Task instructions | Locate, in the data below, the line that contains "#228=EDGE_CURVE('E297',#227,#219,#225,.F.);" and the line that contains "#281=FACE_BOUND('',#280,.T.);"; reproduce exactly those two lines and every line between them, nothing more.

Provided information |

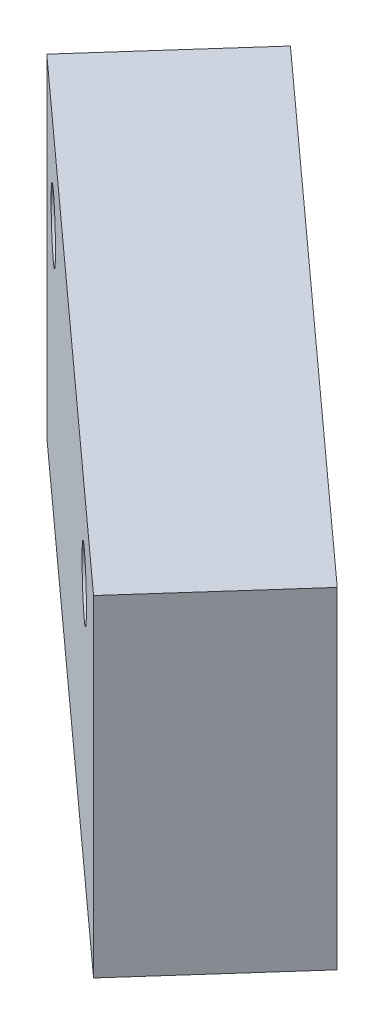
ISO-10303-21;
HEADER;
FILE_DESCRIPTION(('STEP AP214'),'2;1');
FILE_NAME('part.step','',(''),(''),'','','');
FILE_SCHEMA(('AUTOMOTIVE_DESIGN { 1 0 10303 214 1 1 1 1 }'));
ENDSEC;
DATA;
#1=APPLICATION_CONTEXT('core data for automotive mechanical design processes');
#2=APPLICATION_PROTOCOL_DEFINITION('international standard','automotive_design',2000,#1);
#3=PRODUCT_CONTEXT('',#1,'mechanical');
#4=PRODUCT('Part','Part','',(#3));
#5=PRODUCT_RELATED_PRODUCT_CATEGORY('part','',(#4));
#6=PRODUCT_DEFINITION_FORMATION('','',#4);
#7=PRODUCT_DEFINITION_CONTEXT('part definition',#1,'design');
#8=PRODUCT_DEFINITION('design','',#6,#7);
#9=PRODUCT_DEFINITION_SHAPE('','',#8);
#10=(LENGTH_UNIT() NAMED_UNIT(*) SI_UNIT(.MILLI.,.METRE.));
#11=(NAMED_UNIT(*) PLANE_ANGLE_UNIT() SI_UNIT($,.RADIAN.));
#12=(NAMED_UNIT(*) SI_UNIT($,.STERADIAN.) SOLID_ANGLE_UNIT());
#13=UNCERTAINTY_MEASURE_WITH_UNIT(LENGTH_MEASURE(1.E-05),#10,'distance_accuracy_value','');
#14=(GEOMETRIC_REPRESENTATION_CONTEXT(3) GLOBAL_UNCERTAINTY_ASSIGNED_CONTEXT((#13)) GLOBAL_UNIT_ASSIGNED_CONTEXT((#10,
#11,#12)) REPRESENTATION_CONTEXT('',''));
#15=CARTESIAN_POINT('',(0.,0.,0.));
#16=DIRECTION('',(0.,0.,1.));
#17=DIRECTION('',(1.,0.,0.));
#18=AXIS2_PLACEMENT_3D('',#15,#16,#17);
#19=CARTESIAN_POINT('',(0.180321334409129,0.,-0.199266915510276));
#20=DIRECTION('',(0.670979247329059,0.,-0.74147612884956));
#21=DIRECTION('',(-0.74147612884956,0.,-0.670979247329059));
#22=AXIS2_PLACEMENT_3D('',#19,#20,#21);
#23=PLANE('',#22);
#24=DIRECTION('',(0.,-1.,0.));
#25=VECTOR('',#24,1.);
#26=CARTESIAN_POINT('',(-17.7575242155149,27.,-16.4316466746096));
#27=LINE('',#26,#25);
#28=CARTESIAN_POINT('',(-17.7575242155149,27.,-16.4316466746096));
#29=VERTEX_POINT('',#28);
#30=CARTESIAN_POINT('',(-17.7575242155149,0.,-16.4316466746096));
#31=VERTEX_POINT('',#30);
#32=EDGE_CURVE('E289',#29,#31,#27,.T.);
#33=ORIENTED_EDGE('',*,*,#32,.F.);
#34=DIRECTION('',(0.74147612884956,0.,0.670979247329059));
#35=VECTOR('',#34,1.);
#36=CARTESIAN_POINT('',(0.180321334409129,27.,-0.199266915510276));
#37=LINE('',#36,#35);
#38=CARTESIAN_POINT('',(22.3728310041526,27.,19.8832588127975));
#39=VERTEX_POINT('',#38);
#40=EDGE_CURVE('E298',#29,#39,#37,.T.);
#41=ORIENTED_EDGE('',*,*,#40,.T.);
#42=DIRECTION('',(0.,1.,0.));
#43=VECTOR('',#42,1.);
#44=CARTESIAN_POINT('',(22.3728310041526,27.,19.8832588127975));
#45=LINE('',#44,#43);
#46=CARTESIAN_POINT('',(22.3728310041526,0.,19.8832588127975));
#47=VERTEX_POINT('',#46);
#48=EDGE_CURVE('E293',#47,#39,#45,.T.);
#49=ORIENTED_EDGE('',*,*,#48,.F.);
#50=DIRECTION('',(0.74147612884956,0.,0.670979247329059));
#51=VECTOR('',#50,1.);
#52=CARTESIAN_POINT('',(0.180321334409129,0.,-0.199266915510276));
#53=LINE('',#52,#51);
#54=CARTESIAN_POINT('',(19.241101723208,0.,17.0492830797865));
#55=VERTEX_POINT('',#54);
#56=EDGE_CURVE('E282',#55,#47,#53,.T.);
#57=ORIENTED_EDGE('',*,*,#56,.F.);
#58=DIRECTION('',(0.,-1.,0.));
#59=VECTOR('',#58,1.);
#60=CARTESIAN_POINT('',(19.241101723208,7.,17.0492830797865));
#61=LINE('',#60,#59);
#62=CARTESIAN_POINT('',(19.241101723208,7.,17.0492830797865));
#63=VERTEX_POINT('',#62);
#64=EDGE_CURVE('E313',#63,#55,#61,.T.);
#65=ORIENTED_EDGE('',*,*,#64,.F.);
#66=DIRECTION('',(-0.74147612884956,0.,-0.670979247329059));
#67=VECTOR('',#66,1.);
#68=CARTESIAN_POINT('',(0.180321334409129,7.,-0.199266915510276));
#69=LINE('',#68,#67);
#70=CARTESIAN_POINT('',(16.3901305800542,7.,14.4693720113638));
#71=VERTEX_POINT('',#70);
#72=EDGE_CURVE('E309',#63,#71,#69,.T.);
#73=ORIENTED_EDGE('',*,*,#72,.T.);
#74=DIRECTION('',(0.,-1.,0.));
#75=VECTOR('',#74,1.);
#76=CARTESIAN_POINT('',(16.3901305800542,7.,14.4693720113638));
#77=LINE('',#76,#75);
#78=CARTESIAN_POINT('',(16.3901305800542,0.,14.4693720113638));
#79=VERTEX_POINT('',#78);
#80=EDGE_CURVE('E330',#71,#79,#77,.T.);
#81=ORIENTED_EDGE('',*,*,#80,.T.);
#82=DIRECTION('',(0.74147612884956,0.,0.670979247329059));
#83=VECTOR('',#82,1.);
#84=CARTESIAN_POINT('',(0.180321334409129,0.,-0.199266915510276));
#85=LINE('',#84,#83);
#86=CARTESIAN_POINT('',(13.5040535540342,0.,11.8576928010605));
#87=VERTEX_POINT('',#86);
#88=EDGE_CURVE('E270',#87,#79,#85,.T.);
#89=ORIENTED_EDGE('',*,*,#88,.F.);
#90=DIRECTION('',(0.,-1.,0.));
#91=VECTOR('',#90,1.);
#92=CARTESIAN_POINT('',(13.5040535540342,7.,11.8576928010605));
#93=LINE('',#92,#91);
#94=CARTESIAN_POINT('',(13.5040535540342,7.,11.8576928010605));
#95=VERTEX_POINT('',#94);
#96=EDGE_CURVE('E326',#87,#95,#93,.F.);
#97=ORIENTED_EDGE('',*,*,#96,.T.);
#98=CARTESIAN_POINT('',(10.1268477535171,7.,8.80157957240913));
#99=VERTEX_POINT('',#98);
#100=EDGE_CURVE('E260',#95,#99,#69,.T.);
#101=ORIENTED_EDGE('',*,*,#100,.T.);
#102=DIRECTION('',(0.,-1.,0.));
#103=VECTOR('',#102,1.);
#104=CARTESIAN_POINT('',(10.1268477535171,22.,8.80157957240913));
#105=LINE('',#104,#103);
#106=CARTESIAN_POINT('',(10.1268477535171,22.,8.80157957240914));
#107=VERTEX_POINT('',#106);
#108=EDGE_CURVE('E317',#107,#99,#105,.T.);
#109=ORIENTED_EDGE('',*,*,#108,.F.);
#110=DIRECTION('',(-0.74147612884956,0.,-0.670979247329059));
#111=VECTOR('',#110,1.);
#112=CARTESIAN_POINT('',(0.180321334409129,22.,-0.199266915510276));
#113=LINE('',#112,#111);
#114=CARTESIAN_POINT('',(6.10878243947018,22.,5.16553744611543));
#115=VERTEX_POINT('',#114);
#116=EDGE_CURVE('E351',#107,#115,#113,.T.);
#117=ORIENTED_EDGE('',*,*,#116,.T.);
#118=DIRECTION('',(0.,1.,0.));
#119=VECTOR('',#118,1.);
#120=CARTESIAN_POINT('',(6.10878243947018,12.,5.16553744611543));
#121=LINE('',#120,#119);
#122=CARTESIAN_POINT('',(6.10878243947018,12.,5.16553744611543));
#123=VERTEX_POINT('',#122);
#124=EDGE_CURVE('E347',#123,#115,#121,.T.);
#125=ORIENTED_EDGE('',*,*,#124,.F.);
#126=DIRECTION('',(-0.74147612884956,0.,-0.670979247329059));
#127=VECTOR('',#126,1.);
#128=CARTESIAN_POINT('',(0.180321334409129,12.,-0.199266915510276));
#129=LINE('',#128,#127);
#130=CARTESIAN_POINT('',(5.2950846684095,12.,4.42920313036783));
#131=VERTEX_POINT('',#130);
#132=EDGE_CURVE('E352',#123,#131,#129,.T.);
#133=ORIENTED_EDGE('',*,*,#132,.T.);
#134=DIRECTION('',(0.,-1.,0.));
#135=VECTOR('',#134,1.);
#136=CARTESIAN_POINT('',(5.2950846684095,7.,4.42920313036783));
#137=LINE('',#136,#135);
#138=CARTESIAN_POINT('',(5.2950846684095,0.,4.42920313036783));
#139=VERTEX_POINT('',#138);
#140=EDGE_CURVE('E261',#131,#139,#137,.T.);
#141=ORIENTED_EDGE('',*,*,#140,.T.);
#142=DIRECTION('',(0.74147612884956,0.,0.670979247329059));
#143=VECTOR('',#142,1.);
#144=CARTESIAN_POINT('',(0.180321334409129,0.,-0.199266915510276));
#145=LINE('',#144,#143);
#146=CARTESIAN_POINT('',(-4.63515238000912,0.,-4.55690272159674));
#147=VERTEX_POINT('',#146);
#148=EDGE_CURVE('E45',#147,#139,#145,.T.);
#149=ORIENTED_EDGE('',*,*,#148,.F.);
#150=DIRECTION('',(0.,-1.,0.));
#151=VECTOR('',#150,1.);
#152=CARTESIAN_POINT('',(-4.63515238000912,7.,-4.55690272159674));
#153=LINE('',#152,#151);
#154=CARTESIAN_POINT('',(-4.63515238000912,12.,-4.55690272159674));
#155=VERTEX_POINT('',#154);
#156=EDGE_CURVE('E253',#147,#155,#153,.F.);
#157=ORIENTED_EDGE('',*,*,#156,.T.);
#158=DIRECTION('',(-0.74147612884956,0.,-0.670979247329059));
#159=VECTOR('',#158,1.);
#160=CARTESIAN_POINT('',(0.180321334409129,12.,-0.199266915510276));
#161=LINE('',#160,#159);
#162=CARTESIAN_POINT('',(-5.74813977065192,12.,-5.56407127713598));
#163=VERTEX_POINT('',#162);
#164=EDGE_CURVE('E355',#155,#163,#161,.T.);
#165=ORIENTED_EDGE('',*,*,#164,.T.);
#166=DIRECTION('',(0.,1.,0.));
#167=VECTOR('',#166,1.);
#168=CARTESIAN_POINT('',(-5.74813977065192,12.,-5.56407127713598));
#169=LINE('',#168,#167);
#170=CARTESIAN_POINT('',(-5.74813977065192,22.,-5.56407127713598));
#171=VERTEX_POINT('',#170);
#172=EDGE_CURVE('E358',#171,#163,#169,.F.);
#173=ORIENTED_EDGE('',*,*,#172,.F.);
#174=CARTESIAN_POINT('',(-6.45742945742896,22.,-6.20592425345544));
#175=VERTEX_POINT('',#174);
#176=EDGE_CURVE('E343',#171,#175,#113,.T.);
#177=ORIENTED_EDGE('',*,*,#176,.T.);
#178=DIRECTION('',(0.,-1.,0.));
#179=VECTOR('',#178,1.);
#180=CARTESIAN_POINT('',(-6.45742945742896,22.,-6.20592425345544));
#181=LINE('',#180,#179);
#182=CARTESIAN_POINT('',(-6.45742945742896,7.,-6.20592425345544));
#183=VERTEX_POINT('',#182);
#184=EDGE_CURVE('E339',#175,#183,#181,.T.);
#185=ORIENTED_EDGE('',*,*,#184,.T.);
#186=DIRECTION('',(-0.74147612884956,0.,-0.670979247329059));
#187=VECTOR('',#186,1.);
#188=CARTESIAN_POINT('',(0.180321334409129,7.,-0.199266915510276));
#189=LINE('',#188,#187);
#190=CARTESIAN_POINT('',(-8.11647189445451,7.,-7.7072309069947));
#191=VERTEX_POINT('',#190);
#192=EDGE_CURVE('E338',#183,#191,#189,.T.);
#193=ORIENTED_EDGE('',*,*,#192,.T.);
#194=DIRECTION('',(0.,-1.,0.));
#195=VECTOR('',#194,1.);
#196=CARTESIAN_POINT('',(-8.11647189445451,7.,-7.7072309069947));
#197=LINE('',#196,#195);
#198=CARTESIAN_POINT('',(-8.11647189445451,0.,-7.7072309069947));
#199=VERTEX_POINT('',#198);
#200=EDGE_CURVE('E322',#191,#199,#197,.T.);
#201=ORIENTED_EDGE('',*,*,#200,.T.);
#202=DIRECTION('',(0.74147612884956,0.,0.670979247329059));
#203=VECTOR('',#202,1.);
#204=CARTESIAN_POINT('',(0.180321334409129,0.,-0.199266915510276));
#205=LINE('',#204,#203);
#206=CARTESIAN_POINT('',(-11.0968622551529,0.,-10.4042564795792));
#207=VERTEX_POINT('',#206);
#208=EDGE_CURVE('E277',#207,#199,#205,.T.);
#209=ORIENTED_EDGE('',*,*,#208,.F.);
#210=DIRECTION('',(0.,-1.,0.));
#211=VECTOR('',#210,1.);
#212=CARTESIAN_POINT('',(-11.0968622551529,7.,-10.4042564795792));
#213=LINE('',#212,#211);
#214=CARTESIAN_POINT('',(-11.0968622551529,7.,-10.4042564795792));
#215=VERTEX_POINT('',#214);
#216=EDGE_CURVE('E318',#207,#215,#213,.F.);
#217=ORIENTED_EDGE('',*,*,#216,.T.);
#218=CARTESIAN_POINT('',(-13.9430557088245,7.,-12.9798441040392));
#219=VERTEX_POINT('',#218);
#220=EDGE_CURVE('E334',#215,#219,#189,.T.);
#221=ORIENTED_EDGE('',*,*,#220,.T.);
#222=DIRECTION('',(0.,-1.,0.));
#223=VECTOR('',#222,1.);
#224=CARTESIAN_POINT('',(-13.9430557088245,7.,-12.9798441040392));
#225=LINE('',#224,#223);
#226=CARTESIAN_POINT('',(-13.9430557088245,0.,-12.9798441040392));
#227=VERTEX_POINT('',#226);
#228=EDGE_CURVE('E297',#227,#219,#225,.F.);
#229=ORIENTED_EDGE('',*,*,#228,.F.);
#230=EDGE_CURVE('E285',#31,#227,#53,.T.);
#231=ORIENTED_EDGE('',*,*,#230,.F.);
#232=EDGE_LOOP('',(#33,#41,#49,#57,#65,#73,#81,#89,#97,#101,#109,#117,#125,#133,#141,#149,#157,
#165,#173,#177,#185,#193,#201,#209,#217,#221,#229,#231));
#233=FACE_BOUND('',#232,.T.);
#234=CARTESIAN_POINT('',(-12.0858954641083,20.2282122973391,-11.299255970875));
#235=DIRECTION('',(0.670979247329059,0.,-0.74147612884956));
#236=DIRECTION('',(-0.74147612884956,0.,-0.670979247329059));
#237=AXIS2_PLACEMENT_3D('',#234,#235,#236);
#238=CIRCLE('',#237,2.5);
#239=CARTESIAN_POINT('',(-13.9395857862322,20.2282122973391,-12.9767040891976));
#240=VERTEX_POINT('',#239);
#241=EDGE_CURVE('E302',#240,#240,#238,.F.);
#242=ORIENTED_EDGE('',*,*,#241,.T.);
#243=EDGE_LOOP('',(#242));
#244=FACE_BOUND('',#243,.T.);
#245=CARTESIAN_POINT('',(14.4574317839117,20.2282122973391,12.7204272603554));
#246=DIRECTION('',(0.670979247329059,0.,-0.74147612884956));
#247=DIRECTION('',(-0.74147612884956,0.,-0.670979247329059));
#248=AXIS2_PLACEMENT_3D('',#245,#246,#247);
#249=CIRCLE('',#248,2.5);
#250=CARTESIAN_POINT('',(12.6037414617879,20.2282122973391,11.0429791420328));
#251=VERTEX_POINT('',#250);
#252=EDGE_CURVE('E304',#251,#251,#249,.F.);
#253=ORIENTED_EDGE('',*,*,#252,.T.);
#254=EDGE_LOOP('',(#253));
#255=FACE_BOUND('',#254,.T.);
#256=ADVANCED_FACE('F42',(#233,#244,#255),#23,.T.);
#257=CARTESIAN_POINT('',(-2.25,12.,0.));
#258=DIRECTION('',(0.,1.,0.));
#259=DIRECTION('',(0.,0.,1.));
#260=AXIS2_PLACEMENT_3D('',#257,#258,#259);
#261=PLANE('',#260);
#262=CARTESIAN_POINT('',(-4.5,12.,0.));
#263=DIRECTION('',(0.,1.,0.));
#264=DIRECTION('',(0.,0.,1.));
#265=AXIS2_PLACEMENT_3D('',#262,#263,#264);
#266=CIRCLE('',#265,4.5);
#267=CARTESIAN_POINT('',(-7.11111111111111,12.,-3.66498277832681));
#268=VERTEX_POINT('',#267);
#269=CARTESIAN_POINT('',(-7.11111111111111,12.,3.66498277832681));
#270=VERTEX_POINT('',#269);
#271=EDGE_CURVE('E269',#268,#270,#266,.T.);
#272=ORIENTED_EDGE('',*,*,#271,.T.);
#273=CARTESIAN_POINT('',(0.,12.,0.));
#274=DIRECTION('',(0.,-1.,0.));
#275=DIRECTION('',(0.,0.,1.));
#276=AXIS2_PLACEMENT_3D('',#273,#274,#275);
#277=CIRCLE('',#276,8.);
#278=EDGE_CURVE('E274',#270,#268,#277,.T.);
#279=ORIENTED_EDGE('',*,*,#278,.T.);
#280=EDGE_LOOP('',(#272,#279));
#281=FACE_BOUND('',#280,.T.);
#282=ADVANCED_FACE('F627',(#281),#261,.T.);
#283=CARTESIAN_POINT('',(0.,12.,0.));
#284=DIRECTION('',(0.,1.,0.));
#285=DIRECTION('',(0.,0.,1.));
#286=AXIS2_PLACEMENT_3D('',#283,#284,#285);
#287=CYLINDRICAL_SURFACE('',#286,8.);
#288=CARTESIAN_POINT('',(0.,22.,0.));
#289=DIRECTION('',(0.,1.,0.));
#290=DIRECTION('',(0.,0.,1.));
#291=AXIS2_PLACEMENT_3D('',#288,#289,#290);
#292=CIRCLE('',#291,8.);
#293=EDGE_CURVE('E396',#171,#115,#292,.T.);
#294=ORIENTED_EDGE('',*,*,#293,.F.);
#295=ORIENTED_EDGE('',*,*,#172,.T.);
#296=CARTESIAN_POINT('',(0.,12.,0.));
#297=DIRECTION('',(0.,1.,0.));
#298=DIRECTION('',(0.,0.,1.));
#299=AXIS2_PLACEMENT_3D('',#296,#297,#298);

Your solution |
#228=EDGE_CURVE('E297',#227,#219,#225,.F.);
#229=ORIENTED_EDGE('',*,*,#228,.F.);
#230=EDGE_CURVE('E285',#31,#227,#53,.T.);
#231=ORIENTED_EDGE('',*,*,#230,.F.);
#232=EDGE_LOOP('',(#33,#41,#49,#57,#65,#73,#81,#89,#97,#101,#109,#117,#125,#133,#141,#149,#157,
#165,#173,#177,#185,#193,#201,#209,#217,#221,#229,#231));
#233=FACE_BOUND('',#232,.T.);
#234=CARTESIAN_POINT('',(-12.0858954641083,20.2282122973391,-11.299255970875));
#235=DIRECTION('',(0.670979247329059,0.,-0.74147612884956));
#236=DIRECTION('',(-0.74147612884956,0.,-0.670979247329059));
#237=AXIS2_PLACEMENT_3D('',#234,#235,#236);
#238=CIRCLE('',#237,2.5);
#239=CARTESIAN_POINT('',(-13.9395857862322,20.2282122973391,-12.9767040891976));
#240=VERTEX_POINT('',#239);
#241=EDGE_CURVE('E302',#240,#240,#238,.F.);
#242=ORIENTED_EDGE('',*,*,#241,.T.);
#243=EDGE_LOOP('',(#242));
#244=FACE_BOUND('',#243,.T.);
#245=CARTESIAN_POINT('',(14.4574317839117,20.2282122973391,12.7204272603554));
#246=DIRECTION('',(0.670979247329059,0.,-0.74147612884956));
#247=DIRECTION('',(-0.74147612884956,0.,-0.670979247329059));
#248=AXIS2_PLACEMENT_3D('',#245,#246,#247);
#249=CIRCLE('',#248,2.5);
#250=CARTESIAN_POINT('',(12.6037414617879,20.2282122973391,11.0429791420328));
#251=VERTEX_POINT('',#250);
#252=EDGE_CURVE('E304',#251,#251,#249,.F.);
#253=ORIENTED_EDGE('',*,*,#252,.T.);
#254=EDGE_LOOP('',(#253));
#255=FACE_BOUND('',#254,.T.);
#256=ADVANCED_FACE('F42',(#233,#244,#255),#23,.T.);
#257=CARTESIAN_POINT('',(-2.25,12.,0.));
#258=DIRECTION('',(0.,1.,0.));
#259=DIRECTION('',(0.,0.,1.));
#260=AXIS2_PLACEMENT_3D('',#257,#258,#259);
#261=PLANE('',#260);
#262=CARTESIAN_POINT('',(-4.5,12.,0.));
#263=DIRECTION('',(0.,1.,0.));
#264=DIRECTION('',(0.,0.,1.));
#265=AXIS2_PLACEMENT_3D('',#262,#263,#264);
#266=CIRCLE('',#265,4.5);
#267=CARTESIAN_POINT('',(-7.11111111111111,12.,-3.66498277832681));
#268=VERTEX_POINT('',#267);
#269=CARTESIAN_POINT('',(-7.11111111111111,12.,3.66498277832681));
#270=VERTEX_POINT('',#269);
#271=EDGE_CURVE('E269',#268,#270,#266,.T.);
#272=ORIENTED_EDGE('',*,*,#271,.T.);
#273=CARTESIAN_POINT('',(0.,12.,0.));
#274=DIRECTION('',(0.,-1.,0.));
#275=DIRECTION('',(0.,0.,1.));
#276=AXIS2_PLACEMENT_3D('',#273,#274,#275);
#277=CIRCLE('',#276,8.);
#278=EDGE_CURVE('E274',#270,#268,#277,.T.);
#279=ORIENTED_EDGE('',*,*,#278,.T.);
#280=EDGE_LOOP('',(#272,#279));
#281=FACE_BOUND('',#280,.T.);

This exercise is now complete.